-- STUDY MATERIAL follows --

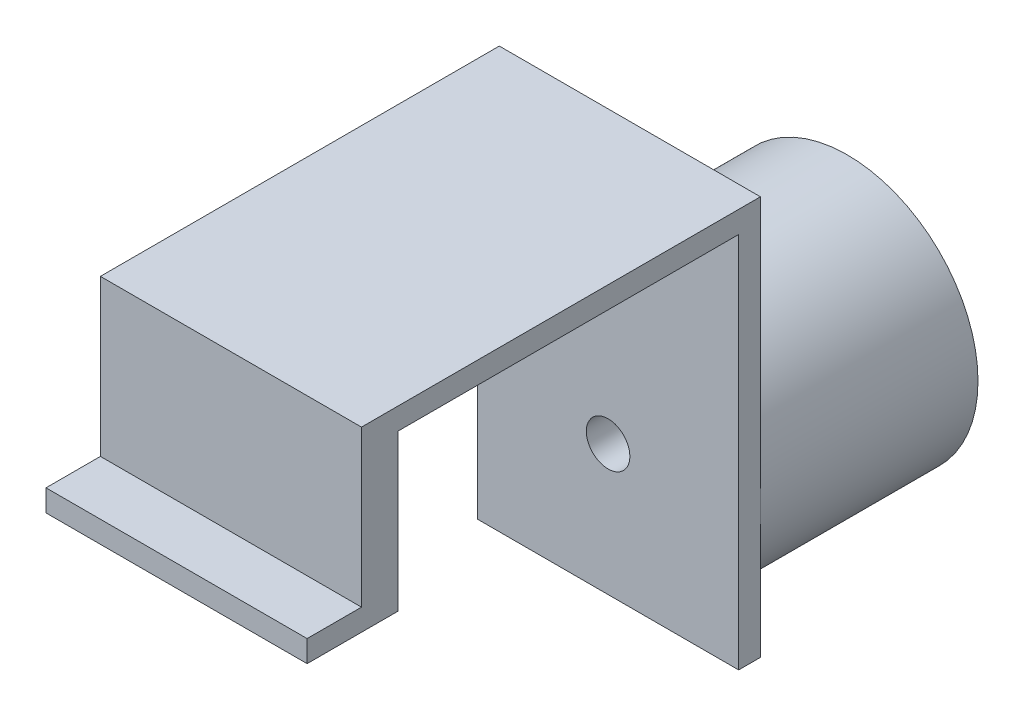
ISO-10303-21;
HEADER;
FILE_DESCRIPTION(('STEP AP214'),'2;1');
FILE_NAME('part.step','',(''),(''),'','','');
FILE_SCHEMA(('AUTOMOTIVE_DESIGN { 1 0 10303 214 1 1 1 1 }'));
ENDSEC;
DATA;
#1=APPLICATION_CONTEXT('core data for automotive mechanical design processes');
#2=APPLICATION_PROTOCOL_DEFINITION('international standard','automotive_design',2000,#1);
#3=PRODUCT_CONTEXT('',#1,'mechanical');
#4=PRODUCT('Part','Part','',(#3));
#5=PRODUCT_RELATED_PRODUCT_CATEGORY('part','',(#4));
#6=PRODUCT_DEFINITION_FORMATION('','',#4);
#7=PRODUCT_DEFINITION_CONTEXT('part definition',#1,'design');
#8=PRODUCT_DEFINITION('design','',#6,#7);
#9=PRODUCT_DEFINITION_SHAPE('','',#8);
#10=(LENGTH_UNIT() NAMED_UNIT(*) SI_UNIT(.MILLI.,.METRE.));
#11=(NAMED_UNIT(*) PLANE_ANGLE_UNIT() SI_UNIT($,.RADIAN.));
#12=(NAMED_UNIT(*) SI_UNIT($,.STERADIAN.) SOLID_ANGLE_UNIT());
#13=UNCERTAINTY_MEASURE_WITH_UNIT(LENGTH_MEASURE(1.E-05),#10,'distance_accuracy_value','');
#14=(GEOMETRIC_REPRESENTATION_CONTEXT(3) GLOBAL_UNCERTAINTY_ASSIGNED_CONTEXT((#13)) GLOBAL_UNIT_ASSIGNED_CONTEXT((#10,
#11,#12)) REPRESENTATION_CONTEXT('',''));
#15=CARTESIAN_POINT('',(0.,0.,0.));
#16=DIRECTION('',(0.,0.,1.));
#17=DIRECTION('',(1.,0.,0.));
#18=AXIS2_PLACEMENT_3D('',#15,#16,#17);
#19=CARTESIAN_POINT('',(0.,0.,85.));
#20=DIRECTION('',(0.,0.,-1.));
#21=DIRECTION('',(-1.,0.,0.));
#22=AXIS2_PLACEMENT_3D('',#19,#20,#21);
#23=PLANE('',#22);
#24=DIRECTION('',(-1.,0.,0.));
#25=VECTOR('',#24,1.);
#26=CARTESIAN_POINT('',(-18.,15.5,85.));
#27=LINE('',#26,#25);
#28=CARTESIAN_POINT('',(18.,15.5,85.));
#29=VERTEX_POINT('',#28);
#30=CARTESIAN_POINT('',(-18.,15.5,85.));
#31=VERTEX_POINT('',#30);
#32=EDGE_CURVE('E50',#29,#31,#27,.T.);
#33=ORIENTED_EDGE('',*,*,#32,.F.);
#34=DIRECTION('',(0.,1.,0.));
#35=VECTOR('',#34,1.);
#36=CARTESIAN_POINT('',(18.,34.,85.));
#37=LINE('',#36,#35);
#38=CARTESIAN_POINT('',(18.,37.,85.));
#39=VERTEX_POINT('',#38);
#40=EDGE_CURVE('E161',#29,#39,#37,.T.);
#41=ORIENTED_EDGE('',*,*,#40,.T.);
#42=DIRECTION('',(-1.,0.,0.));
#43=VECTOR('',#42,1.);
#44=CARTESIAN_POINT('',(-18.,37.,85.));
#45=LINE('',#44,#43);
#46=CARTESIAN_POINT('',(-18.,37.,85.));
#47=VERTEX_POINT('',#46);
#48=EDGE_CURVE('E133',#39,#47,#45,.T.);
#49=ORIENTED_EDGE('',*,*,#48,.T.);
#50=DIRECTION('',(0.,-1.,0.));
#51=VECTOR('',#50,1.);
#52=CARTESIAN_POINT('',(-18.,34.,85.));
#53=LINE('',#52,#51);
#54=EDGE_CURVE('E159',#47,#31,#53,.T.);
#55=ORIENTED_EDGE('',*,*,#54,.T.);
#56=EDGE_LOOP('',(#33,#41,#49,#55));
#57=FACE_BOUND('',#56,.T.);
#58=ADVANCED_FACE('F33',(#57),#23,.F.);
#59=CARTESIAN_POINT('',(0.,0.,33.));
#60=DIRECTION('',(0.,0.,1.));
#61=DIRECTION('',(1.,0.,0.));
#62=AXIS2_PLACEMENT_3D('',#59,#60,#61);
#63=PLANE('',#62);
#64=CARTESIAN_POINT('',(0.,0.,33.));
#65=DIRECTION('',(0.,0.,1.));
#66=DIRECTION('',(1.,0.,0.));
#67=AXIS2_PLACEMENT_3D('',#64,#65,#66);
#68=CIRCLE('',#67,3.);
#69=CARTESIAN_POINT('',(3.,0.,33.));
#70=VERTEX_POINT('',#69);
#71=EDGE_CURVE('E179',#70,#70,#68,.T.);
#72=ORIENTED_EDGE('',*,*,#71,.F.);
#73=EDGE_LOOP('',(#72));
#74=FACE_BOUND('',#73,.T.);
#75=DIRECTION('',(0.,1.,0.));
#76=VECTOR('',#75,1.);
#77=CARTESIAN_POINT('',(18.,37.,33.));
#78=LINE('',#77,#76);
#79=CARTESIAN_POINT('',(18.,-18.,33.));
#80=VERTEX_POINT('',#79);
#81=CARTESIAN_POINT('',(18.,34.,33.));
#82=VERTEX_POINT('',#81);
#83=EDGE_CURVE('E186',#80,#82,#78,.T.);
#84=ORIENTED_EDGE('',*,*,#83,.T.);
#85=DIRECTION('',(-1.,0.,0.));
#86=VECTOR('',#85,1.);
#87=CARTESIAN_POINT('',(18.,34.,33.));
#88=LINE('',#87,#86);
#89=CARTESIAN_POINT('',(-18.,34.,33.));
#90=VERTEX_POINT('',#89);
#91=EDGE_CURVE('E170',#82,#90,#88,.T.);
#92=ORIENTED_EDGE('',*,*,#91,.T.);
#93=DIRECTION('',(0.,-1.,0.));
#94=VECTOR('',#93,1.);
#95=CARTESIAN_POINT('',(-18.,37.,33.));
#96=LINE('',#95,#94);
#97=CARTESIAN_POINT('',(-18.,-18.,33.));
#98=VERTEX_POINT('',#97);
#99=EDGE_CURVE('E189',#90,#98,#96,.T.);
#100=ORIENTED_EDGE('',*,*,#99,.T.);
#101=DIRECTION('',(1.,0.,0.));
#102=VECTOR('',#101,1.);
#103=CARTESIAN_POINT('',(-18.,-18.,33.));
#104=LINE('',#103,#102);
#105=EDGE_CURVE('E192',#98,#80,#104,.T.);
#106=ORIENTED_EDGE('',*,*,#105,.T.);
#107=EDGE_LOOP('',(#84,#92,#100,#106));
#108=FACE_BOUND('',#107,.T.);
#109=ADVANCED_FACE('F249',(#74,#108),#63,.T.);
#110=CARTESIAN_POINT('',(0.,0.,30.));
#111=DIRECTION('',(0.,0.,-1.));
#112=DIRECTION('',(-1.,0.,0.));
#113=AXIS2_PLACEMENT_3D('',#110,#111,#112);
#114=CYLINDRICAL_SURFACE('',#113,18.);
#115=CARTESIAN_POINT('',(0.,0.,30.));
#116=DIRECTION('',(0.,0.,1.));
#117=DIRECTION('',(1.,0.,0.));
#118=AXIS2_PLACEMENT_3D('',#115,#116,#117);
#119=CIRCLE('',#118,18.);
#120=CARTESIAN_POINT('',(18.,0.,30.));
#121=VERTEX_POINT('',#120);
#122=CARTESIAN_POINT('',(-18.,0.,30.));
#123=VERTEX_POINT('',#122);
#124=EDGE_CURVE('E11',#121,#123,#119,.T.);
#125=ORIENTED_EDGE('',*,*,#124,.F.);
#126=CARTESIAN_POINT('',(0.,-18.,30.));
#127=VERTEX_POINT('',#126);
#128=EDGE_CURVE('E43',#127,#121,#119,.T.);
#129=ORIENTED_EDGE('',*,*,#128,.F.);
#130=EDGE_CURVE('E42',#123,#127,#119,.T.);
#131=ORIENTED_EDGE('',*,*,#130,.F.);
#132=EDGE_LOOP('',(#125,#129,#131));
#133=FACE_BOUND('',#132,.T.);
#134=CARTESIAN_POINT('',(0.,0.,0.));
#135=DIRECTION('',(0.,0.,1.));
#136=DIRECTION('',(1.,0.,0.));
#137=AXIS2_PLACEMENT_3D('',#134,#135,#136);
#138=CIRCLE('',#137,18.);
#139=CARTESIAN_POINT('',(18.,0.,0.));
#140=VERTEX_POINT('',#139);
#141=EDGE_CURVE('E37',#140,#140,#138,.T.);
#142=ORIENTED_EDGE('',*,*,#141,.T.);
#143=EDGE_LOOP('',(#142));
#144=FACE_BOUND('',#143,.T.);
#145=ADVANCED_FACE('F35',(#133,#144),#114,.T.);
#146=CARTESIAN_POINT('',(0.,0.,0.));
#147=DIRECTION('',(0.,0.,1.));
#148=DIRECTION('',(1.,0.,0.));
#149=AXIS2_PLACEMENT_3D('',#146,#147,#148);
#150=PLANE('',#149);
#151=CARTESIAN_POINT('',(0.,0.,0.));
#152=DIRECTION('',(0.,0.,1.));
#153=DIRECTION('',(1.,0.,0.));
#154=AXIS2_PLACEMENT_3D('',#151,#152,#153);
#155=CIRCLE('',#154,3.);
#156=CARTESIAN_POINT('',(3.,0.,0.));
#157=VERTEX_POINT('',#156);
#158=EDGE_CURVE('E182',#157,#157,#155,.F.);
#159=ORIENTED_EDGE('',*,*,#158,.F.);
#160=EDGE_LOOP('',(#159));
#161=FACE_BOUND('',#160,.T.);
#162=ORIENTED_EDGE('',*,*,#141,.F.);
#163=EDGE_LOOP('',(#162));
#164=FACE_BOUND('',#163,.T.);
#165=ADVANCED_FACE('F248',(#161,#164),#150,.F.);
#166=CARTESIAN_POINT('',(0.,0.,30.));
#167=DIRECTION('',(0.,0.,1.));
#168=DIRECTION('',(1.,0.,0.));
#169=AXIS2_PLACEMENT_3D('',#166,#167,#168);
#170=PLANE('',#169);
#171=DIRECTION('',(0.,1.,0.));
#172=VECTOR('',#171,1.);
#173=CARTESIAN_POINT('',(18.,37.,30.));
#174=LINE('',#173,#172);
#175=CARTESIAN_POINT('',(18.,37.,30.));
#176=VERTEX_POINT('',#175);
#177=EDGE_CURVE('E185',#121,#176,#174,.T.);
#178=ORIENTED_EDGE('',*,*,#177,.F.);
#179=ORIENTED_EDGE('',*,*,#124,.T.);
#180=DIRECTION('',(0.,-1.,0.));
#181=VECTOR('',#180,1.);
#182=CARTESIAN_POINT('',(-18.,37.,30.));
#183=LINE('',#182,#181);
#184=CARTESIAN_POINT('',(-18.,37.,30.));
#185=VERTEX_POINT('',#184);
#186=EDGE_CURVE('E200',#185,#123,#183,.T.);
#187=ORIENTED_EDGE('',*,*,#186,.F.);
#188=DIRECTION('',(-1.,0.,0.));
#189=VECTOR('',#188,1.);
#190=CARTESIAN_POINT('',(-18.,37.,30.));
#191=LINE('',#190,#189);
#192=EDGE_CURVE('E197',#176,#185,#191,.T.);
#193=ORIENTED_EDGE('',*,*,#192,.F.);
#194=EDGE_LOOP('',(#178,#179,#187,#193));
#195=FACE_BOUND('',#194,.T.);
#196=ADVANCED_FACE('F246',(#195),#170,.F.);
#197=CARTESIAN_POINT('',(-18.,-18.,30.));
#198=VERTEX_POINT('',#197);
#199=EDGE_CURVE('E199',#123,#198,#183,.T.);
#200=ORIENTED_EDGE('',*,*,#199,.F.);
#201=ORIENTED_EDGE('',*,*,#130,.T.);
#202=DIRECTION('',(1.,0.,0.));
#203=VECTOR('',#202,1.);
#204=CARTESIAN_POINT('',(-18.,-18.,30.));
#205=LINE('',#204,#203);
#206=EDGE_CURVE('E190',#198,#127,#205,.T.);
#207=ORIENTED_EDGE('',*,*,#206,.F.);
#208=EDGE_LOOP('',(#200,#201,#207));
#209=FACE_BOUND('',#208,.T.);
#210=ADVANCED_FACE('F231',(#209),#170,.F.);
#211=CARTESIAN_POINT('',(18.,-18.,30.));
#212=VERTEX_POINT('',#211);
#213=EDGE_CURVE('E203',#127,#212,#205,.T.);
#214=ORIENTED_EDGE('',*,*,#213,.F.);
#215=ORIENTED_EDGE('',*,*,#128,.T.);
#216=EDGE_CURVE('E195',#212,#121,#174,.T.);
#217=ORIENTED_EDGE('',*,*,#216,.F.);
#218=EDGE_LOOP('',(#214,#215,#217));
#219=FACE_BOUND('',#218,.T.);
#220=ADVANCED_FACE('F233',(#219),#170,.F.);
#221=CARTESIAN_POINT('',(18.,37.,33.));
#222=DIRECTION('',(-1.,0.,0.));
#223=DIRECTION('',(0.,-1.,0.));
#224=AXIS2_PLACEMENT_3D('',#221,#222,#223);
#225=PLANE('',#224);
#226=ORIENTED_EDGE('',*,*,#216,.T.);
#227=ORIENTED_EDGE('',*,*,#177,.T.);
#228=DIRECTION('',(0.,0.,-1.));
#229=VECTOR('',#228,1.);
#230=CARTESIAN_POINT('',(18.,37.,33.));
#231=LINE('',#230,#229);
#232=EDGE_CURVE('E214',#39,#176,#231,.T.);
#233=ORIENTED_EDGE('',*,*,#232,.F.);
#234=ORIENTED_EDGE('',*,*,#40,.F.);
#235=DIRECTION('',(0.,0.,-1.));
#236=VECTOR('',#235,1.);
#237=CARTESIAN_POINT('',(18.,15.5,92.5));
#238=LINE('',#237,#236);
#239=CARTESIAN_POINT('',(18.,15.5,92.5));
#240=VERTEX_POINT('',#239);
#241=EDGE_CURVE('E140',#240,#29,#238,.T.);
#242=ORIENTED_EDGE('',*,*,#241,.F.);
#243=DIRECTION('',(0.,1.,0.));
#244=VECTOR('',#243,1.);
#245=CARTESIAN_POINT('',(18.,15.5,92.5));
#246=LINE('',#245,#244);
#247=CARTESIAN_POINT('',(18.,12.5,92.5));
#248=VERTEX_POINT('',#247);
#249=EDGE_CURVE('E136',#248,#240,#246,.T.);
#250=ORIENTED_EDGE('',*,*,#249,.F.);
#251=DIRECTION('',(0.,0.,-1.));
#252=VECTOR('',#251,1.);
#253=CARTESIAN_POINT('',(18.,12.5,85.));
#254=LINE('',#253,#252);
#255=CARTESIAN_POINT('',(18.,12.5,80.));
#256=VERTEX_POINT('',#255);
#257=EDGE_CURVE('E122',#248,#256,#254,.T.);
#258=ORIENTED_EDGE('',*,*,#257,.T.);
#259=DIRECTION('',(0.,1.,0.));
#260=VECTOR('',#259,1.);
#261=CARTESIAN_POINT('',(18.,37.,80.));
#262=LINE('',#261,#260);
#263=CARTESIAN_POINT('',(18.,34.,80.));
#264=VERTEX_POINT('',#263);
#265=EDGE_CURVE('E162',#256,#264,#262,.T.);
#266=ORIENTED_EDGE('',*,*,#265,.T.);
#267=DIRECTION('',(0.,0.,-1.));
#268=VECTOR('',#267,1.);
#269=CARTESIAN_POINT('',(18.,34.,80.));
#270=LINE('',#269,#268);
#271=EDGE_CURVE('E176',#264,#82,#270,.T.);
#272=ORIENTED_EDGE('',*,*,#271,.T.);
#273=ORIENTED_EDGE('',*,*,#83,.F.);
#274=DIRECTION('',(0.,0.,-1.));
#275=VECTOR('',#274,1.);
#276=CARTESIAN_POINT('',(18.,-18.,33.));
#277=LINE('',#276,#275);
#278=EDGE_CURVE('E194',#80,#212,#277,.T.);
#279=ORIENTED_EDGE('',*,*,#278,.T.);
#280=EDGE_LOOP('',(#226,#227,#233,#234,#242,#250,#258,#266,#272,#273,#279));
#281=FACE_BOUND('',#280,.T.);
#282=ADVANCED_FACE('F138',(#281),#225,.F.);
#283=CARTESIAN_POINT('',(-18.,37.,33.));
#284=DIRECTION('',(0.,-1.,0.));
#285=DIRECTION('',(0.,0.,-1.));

-- STUDY MATERIAL concluded --

*INSTRUCTIONS TO FOLLOW*: Restate word for word only the lines above from the line containing "#99=EDGE_CURVE('E189',#90,#98,#96,.T.);" to the line containing "#155=CIRCLE('',#154,3.);", both of them included.

*WRITTEN REPLY*:
#99=EDGE_CURVE('E189',#90,#98,#96,.T.);
#100=ORIENTED_EDGE('',*,*,#99,.T.);
#101=DIRECTION('',(1.,0.,0.));
#102=VECTOR('',#101,1.);
#103=CARTESIAN_POINT('',(-18.,-18.,33.));
#104=LINE('',#103,#102);
#105=EDGE_CURVE('E192',#98,#80,#104,.T.);
#106=ORIENTED_EDGE('',*,*,#105,.T.);
#107=EDGE_LOOP('',(#84,#92,#100,#106));
#108=FACE_BOUND('',#107,.T.);
#109=ADVANCED_FACE('F249',(#74,#108),#63,.T.);
#110=CARTESIAN_POINT('',(0.,0.,30.));
#111=DIRECTION('',(0.,0.,-1.));
#112=DIRECTION('',(-1.,0.,0.));
#113=AXIS2_PLACEMENT_3D('',#110,#111,#112);
#114=CYLINDRICAL_SURFACE('',#113,18.);
#115=CARTESIAN_POINT('',(0.,0.,30.));
#116=DIRECTION('',(0.,0.,1.));
#117=DIRECTION('',(1.,0.,0.));
#118=AXIS2_PLACEMENT_3D('',#115,#116,#117);
#119=CIRCLE('',#118,18.);
#120=CARTESIAN_POINT('',(18.,0.,30.));
#121=VERTEX_POINT('',#120);
#122=CARTESIAN_POINT('',(-18.,0.,30.));
#123=VERTEX_POINT('',#122);
#124=EDGE_CURVE('E11',#121,#123,#119,.T.);
#125=ORIENTED_EDGE('',*,*,#124,.F.);
#126=CARTESIAN_POINT('',(0.,-18.,30.));
#127=VERTEX_POINT('',#126);
#128=EDGE_CURVE('E43',#127,#121,#119,.T.);
#129=ORIENTED_EDGE('',*,*,#128,.F.);
#130=EDGE_CURVE('E42',#123,#127,#119,.T.);
#131=ORIENTED_EDGE('',*,*,#130,.F.);
#132=EDGE_LOOP('',(#125,#129,#131));
#133=FACE_BOUND('',#132,.T.);
#134=CARTESIAN_POINT('',(0.,0.,0.));
#135=DIRECTION('',(0.,0.,1.));
#136=DIRECTION('',(1.,0.,0.));
#137=AXIS2_PLACEMENT_3D('',#134,#135,#136);
#138=CIRCLE('',#137,18.);
#139=CARTESIAN_POINT('',(18.,0.,0.));
#140=VERTEX_POINT('',#139);
#141=EDGE_CURVE('E37',#140,#140,#138,.T.);
#142=ORIENTED_EDGE('',*,*,#141,.T.);
#143=EDGE_LOOP('',(#142));
#144=FACE_BOUND('',#143,.T.);
#145=ADVANCED_FACE('F35',(#133,#144),#114,.T.);
#146=CARTESIAN_POINT('',(0.,0.,0.));
#147=DIRECTION('',(0.,0.,1.));
#148=DIRECTION('',(1.,0.,0.));
#149=AXIS2_PLACEMENT_3D('',#146,#147,#148);
#150=PLANE('',#149);
#151=CARTESIAN_POINT('',(0.,0.,0.));
#152=DIRECTION('',(0.,0.,1.));
#153=DIRECTION('',(1.,0.,0.));
#154=AXIS2_PLACEMENT_3D('',#151,#152,#153);
#155=CIRCLE('',#154,3.);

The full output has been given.